40 years of Berkeley Sockets
Programming in current FreeBSD versus programming in 1983’s 4.2BSD
Introduction
The need for low-level Socket programming is not common today, they are usually buried in higher layers of protocols, but the need arises occasionally when high performance and low latency is required. These days I am working on the analysis of an end-to-end financial foreign exchange institutional trading pipeline and I have the need — again — for selected parts to work directly with the BSD Socket implementation.
The year is 1983 and 4.2BSD is announced. 4.2BSD represents a milestone in the timeline of UNIX, as Berkeley Sockets — the implementation funded by DARPA to implement their new set of protocols — are incorporated into UNIX®.
Back then it was not clear that the DARPA protocol stack was mean to become the de facto standard, and TCP/IP was often seen as an interim solution while the OSI protocols were fully settled and both hardware and software implementations became available. Other architectures such as the Xerox Network System and IBM Systems Network Architecture were considered serious contenders. IBM SNA was, within its perimeter, for a while. XNS is barely described in Wikipedia now.
Sockets have proved to withstand the passing of time. In this post, I cover how 4.2BSD material — which is 40 years old — can be still used to program FreeBSD. There have not been significant changes, and the C source code of that period can be — after the natural conversion from K&R to ANSI C — compiled with very minor adjustments.
Official notes and tutorials
As part of the 4.2BSD documentation we can find the Networking Implementation Notes. This is a fairly technical document which provides a good insight on how Berkeley Sockets were implemented in the UNIX® operating system. The implementation notes are not a light reading but it is worth if you want to have an overview of how the stack is implemented.
A more practical and extremely well-crafted article was provided by Bill Tuthill in the April 1985 issue of UNIX Review. The article describes the new functionality of Sockets as a means of IPC — which is what Sockets are really about — . The article is very informative, and educational and covers a simple TCP example. Other than the K&R C style and the usage of the deprecated BSD bzero and bcopy functions the examples are usable. For the bzero and bcopy it is advisable to use their newest counterparts memset and memcopy. Both were part of POSIX but the latest come from System V while the first one come from BSD.
It surprised me that even the header file locations and filenames are still the same in modern FreeBSD — 40 years afterwards — .
A very concise but informative tutorial on 4.2BSD sockets and how to implement a complete UDP client server tool is given in the Journal of Computer Communications, Volume 10, Issue 1, February 1987. This article written by David Coffield and Doug Shepherd is extremely good — even today — if you need a quick and practical introduction to how to program BSD Sockets. The usage of UDP instead of TCP is particularly useful as most material focuses in TCP.

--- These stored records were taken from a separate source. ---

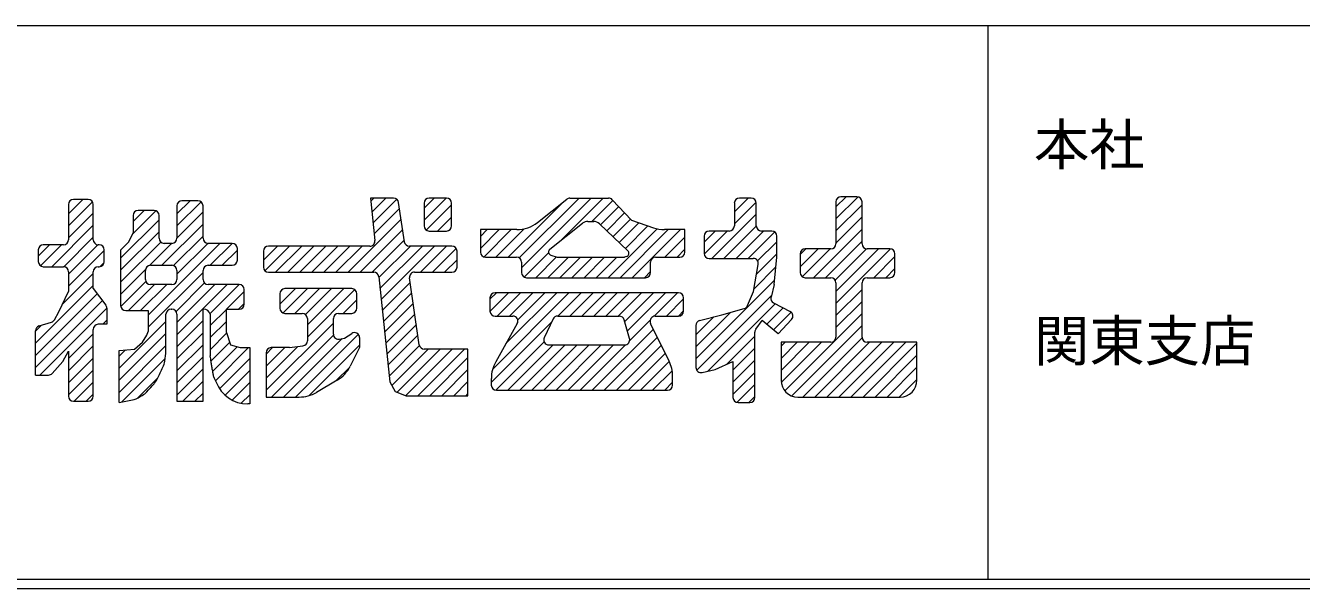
# Model space of a CAD drawing. Units: millimetres, scale not verified. Extents: x -400 to 3744, y -276 to 280.
# Drawn here: x 3080.8 to 3219.1, y -270.2 to -209.2 of the extents above; entities that cross this region are included whole.
import ezdxf
from ezdxf.enums import TextEntityAlignment as Align

# ---------------------------------------------------------------- set-up
doc = ezdxf.new("R2010")
doc.units = ezdxf.units.MM
doc.header["$LTSCALE"] = 2
doc.layers.add('0-0_0', color=7, linetype='Continuous', lineweight=9)
doc.styles.add('ＭＳ ゴシック', font='')
doc.styles.get('ＭＳ ゴシック').set_extended_font_data('MS Gothic')

msp = doc.modelspace()

# ---------------------------------------------------------------- linework, layer by layer
at = {"layer": '0-0_0', "color": 3, "lineweight": 18}
for p, q in [((2945.13, -209.239), (3743.13, -209.239)), ((3185.13, -209.239), (3185.13, -269.239)), ((2945.13, -269.239), (3743.13, -269.239)), ((2944.13, -270.239), (3744.13, -270.239))]:
    msp.add_line(p, q, dxfattribs=at)
at = {"layer": '0-0_0'}
for p, q in [((3085.5, -229.633), (3087.046, -228.086)), ((3087.631, -228.086), (3086.048, -228.086)), ((3118.268, -228.265), (3118.595, -227.938)), ((3118.391, -229.45), (3119.903, -227.938)), ((3118.515, -230.634), (3121.085, -228.064)), ((3124.036, -230.347), (3126.445, -227.938)), ((3124.036, -229.038), (3125.137, -227.938)), ((3126.464, -227.938), (3124.584, -227.938)), ((3134.353, -234.421), (3140.837, -227.938)), ((3134.6, -235.483), (3142.145, -227.938)), ((3136.34, -230.568), (3139.509, -228.056)), ((3138.863, -232.528), (3143.453, -227.938)), ((3139.849, -227.938), (3144.034, -227.938)), ((3157.662, -229.429), (3159.153, -227.938)), ((3159.495, -227.938), (3158.209, -227.938)), ((3168.672, -228.886), (3169.769, -227.789)), ((3168.672, -230.194), (3171.065, -227.801)), ((3170.951, -227.789), (3169.22, -227.789)), ((3085.5, -230.941), (3088.096, -228.345)), ((3085.5, -228.634), (3085.5, -232.445)), ((3088.178, -232.445), (3088.178, -228.634)), ((3092.408, -231.883), (3094.976, -229.315)), ((3092.493, -230.49), (3093.707, -229.276)), ((3094.772, -229.276), (3093.041, -229.276)), ((3097.254, -229.653), (3098.673, -228.235)), ((3097.254, -230.962), (3099.868, -228.349)), ((3097.254, -228.783), (3097.254, -232.296)), ((3097.254, -232.27), (3100.081, -229.443)), ((3099.534, -228.235), (3097.802, -228.235)), ((3100.081, -232.296), (3100.081, -228.783)), ((3118.639, -231.819), (3121.376, -229.082)), ((3121.898, -232.673), (3121.277, -228.406)), ((3124.036, -228.485), (3124.036, -230.958)), ((3124.278, -231.413), (3127.012, -228.679)), ((3127.012, -230.958), (3127.012, -228.485)), ((3133.135, -234.331), (3139.031, -228.435)), ((3142.234, -230.465), (3144.508, -228.191)), ((3143.172, -230.835), (3145.142, -228.866)), ((3143.843, -231.473), (3145.775, -229.541)), ((3157.662, -230.738), (3160.03, -228.369)), ((3157.662, -228.485), (3157.662, -230.958)), ((3160.042, -230.958), (3160.042, -228.485)), ((3168.672, -228.337), (3168.672, -232.891)), ((3168.672, -231.502), (3171.499, -228.676)), ((3171.499, -232.891), (3171.499, -228.337)), ((3083.686, -235.371), (3088.178, -230.879)), ((3085.5, -232.249), (3088.178, -229.571)), ((3091.154, -234.445), (3095.32, -230.279)), ((3092.493, -229.823), (3092.493, -231.692)), ((3095.32, -232.296), (3095.32, -229.823)), ((3095.61, -235.223), (3100.081, -230.751)), ((3115.8, -235.966), (3121.542, -230.224)), ((3125.494, -231.506), (3127.012, -229.988)), ((3137.663, -233.479), (3141.217, -230.663)), ((3141.784, -230.465), (3142.418, -230.465)), ((3143.047, -230.717), (3146.128, -233.648)), ((3144.513, -232.111), (3146.408, -230.216)), ((3145.183, -232.749), (3147.328, -230.605)), ((3155.228, -234.479), (3160.042, -229.665)), ((3168.672, -232.811), (3171.499, -229.984)), ((3084.993, -235.373), (3088.178, -232.188)), ((3091.154, -235.754), (3095.32, -231.588)), ((3096.888, -235.254), (3100.081, -232.06)), ((3117.108, -235.966), (3121.708, -231.366)), ((3124.584, -231.506), (3126.464, -231.506)), ((3130.136, -233.405), (3132.184, -231.357)), ((3130.136, -232.097), (3130.876, -231.357)), ((3130.538, -234.311), (3133.492, -231.357)), ((3131.827, -234.331), (3134.894, -231.263)), ((3143.989, -236.561), (3149.284, -231.265)), ((3145.297, -236.561), (3150.501, -231.357)), ((3145.854, -233.387), (3148.297, -230.944)), ((3146.605, -236.561), (3151.809, -231.357)), ((3150.144, -234.331), (3152.305, -232.169)), ((3154.388, -232.703), (3155.585, -231.506)), ((3154.388, -232.054), (3154.388, -233.932)), ((3154.393, -234.006), (3156.893, -231.506)), ((3157.114, -231.506), (3154.936, -231.506)), ((3156.537, -234.479), (3160.042, -230.974)), ((3157.845, -234.479), (3160.818, -231.506)), ((3159.153, -234.479), (3162.033, -231.6)), ((3161.726, -231.506), (3160.59, -231.506)), ((3166.23, -236.561), (3171.499, -231.292)), ((3082.227, -234.214), (3083.448, -232.993)), ((3082.227, -233.54), (3082.227, -234.824)), ((3082.47, -235.279), (3084.757, -232.993)), ((3084.953, -232.993), (3082.775, -232.993)), ((3085.5, -236.174), (3088.683, -232.991)), ((3085.5, -237.482), (3089.369, -233.614)), ((3088.821, -232.993), (3088.726, -232.993)), ((3089.369, -234.824), (3089.369, -233.54)), ((3091.154, -237.062), (3095.507, -232.709)), ((3091.154, -233.587), (3091.154, -239.581)), ((3094.13, -240.628), (3101.914, -232.844)), ((3094.295, -235.229), (3096.68, -232.844)), ((3096.707, -232.844), (3095.868, -232.844)), ((3097.254, -236.195), (3100.606, -232.843)), ((3103.253, -232.844), (3100.629, -232.844)), ((3100.843, -235.223), (3103.222, -232.844)), ((3102.152, -235.223), (3103.801, -233.573)), ((3103.801, -234.675), (3103.801, -233.392)), ((3106.628, -234.671), (3108.158, -233.141)), ((3106.628, -233.689), (3106.628, -235.418)), ((3106.795, -235.813), (3109.466, -233.141)), ((3118.169, -233.141), (3107.176, -233.141)), ((3107.95, -235.966), (3110.775, -233.141)), ((3109.258, -235.966), (3112.083, -233.141)), ((3110.567, -235.966), (3113.391, -233.141)), ((3111.875, -235.966), (3114.7, -233.141)), ((3113.183, -235.966), (3116.008, -233.141)), ((3114.492, -235.966), (3117.316, -233.141)), ((3118.417, -235.966), (3121.874, -232.508)), ((3119.134, -236.557), (3122.55, -233.141)), ((3119.258, -237.741), (3123.858, -233.141)), ((3119.382, -238.926), (3125.166, -233.141)), ((3127.059, -233.141), (3122.44, -233.141)), ((3123.65, -235.966), (3126.475, -233.141)), ((3124.958, -235.966), (3127.524, -233.4)), ((3127.607, -235.418), (3127.607, -233.689)), ((3151.452, -234.331), (3152.305, -233.477)), ((3160.188, -234.753), (3162.274, -232.667)), ((3164.803, -235.371), (3166.736, -233.439)), ((3164.803, -234.063), (3165.427, -233.439)), ((3165.028, -236.455), (3168.044, -233.439)), ((3168.124, -233.439), (3165.351, -233.439)), ((3167.538, -236.561), (3171.499, -232.601)), ((3168.589, -236.819), (3171.974, -233.434)), ((3168.672, -238.044), (3173.277, -233.439)), ((3168.672, -239.352), (3174.582, -233.442)), ((3174.522, -233.439), (3172.046, -233.439)), ((3088.931, -235.36), (3089.358, -234.933)), ((3103.543, -235.14), (3103.718, -234.964)), ((3126.267, -235.966), (3127.607, -234.626)), ((3130.684, -234.331), (3134.052, -234.331)), ((3134.6, -234.878), (3134.6, -236.013)), ((3134.893, -236.498), (3137.535, -233.856)), ((3136.139, -236.561), (3138.394, -234.305)), ((3137.447, -236.561), (3139.677, -234.331)), ((3137.781, -234.114), (3138.478, -234.331)), ((3138.478, -234.331), (3145.761, -234.331)), ((3138.755, -236.561), (3140.985, -234.331)), ((3140.064, -236.561), (3142.294, -234.331)), ((3141.372, -236.561), (3143.602, -234.331)), ((3142.68, -236.561), (3144.91, -234.331)), ((3145.984, -234.261), (3145.761, -234.331)), ((3148.586, -236.013), (3148.586, -234.878)), ((3149.133, -234.331), (3151.758, -234.331)), ((3154.936, -234.479), (3159.714, -234.479)), ((3160.07, -236.18), (3162.274, -233.975)), ((3161.976, -237.304), (3162.274, -234.331)), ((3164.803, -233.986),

Are 40 years old articles and documentation still useful? In the case of Sockets, they are. The reason is that Sockets have not substantially changed since their introduction. I have found it easier to read as introductory material than modern documentation, maybe because back then it was not considered a commodity and hence the explanations were intended to be provided to people without a previous background in networking.
By going through this material I also discovered that 4.3BSD implemented a fairly interesting Socket type, the SOCK_SEQPACKET, which was back then planned for the Xerox Network System. A review of the current FreeBSD man page reveals that the Socket is still there — at least documented — . It allows guaranteed communication (like in SOCK_STREAM) but with fixed-length messages, a feature especially interesting to implementing messaging systems.
Books
The classic three volumes written by Douglas Comer’s introduction to TCP/IP are still a reputable source. They were all updated during the 90s so they cover ANSI and POSIX programming, originally the Socket implementation book (Volume III) was published in two versions, one for AT&T System V and the other one for BSD sockets. They can be often found through Amazon at a very reduced price through the usual used books vendors.
Another set of classic books worth reading are the set of books written by William Stallings in the early 80s describing the DoD DARPA protocols — do not get fooled by the DoD codes, they are the same as the IETF ones — . The books are pretty old but constitute a good introduction to the Internet Protocol Stack. Some of the books will describe protocols that are no longer mainstream (such as FTP and Telnet), but they are still pretty informative in understanding how the Internet Networking Protocol Stack was conceived and how each layer is intended to cooperate with adjacent ones. William Stallings’s books are in general always highly recommendable as he manages to make technical books not boring—something that it is not easy to achieve — .
A last book, and likely the most practical one of the ones described here would be UNIX Network Programming written by W.Richard Stevens, who was able to write three editions of the book before he unfortunately passed away. The books are an authoritative source and were reviewed by Dennis Ritchie (among others). The third edition is reasonably updated. The first edition contains a very interesting condensed history of AT&T and BSD UNIX versions, as all the IPC methods are described.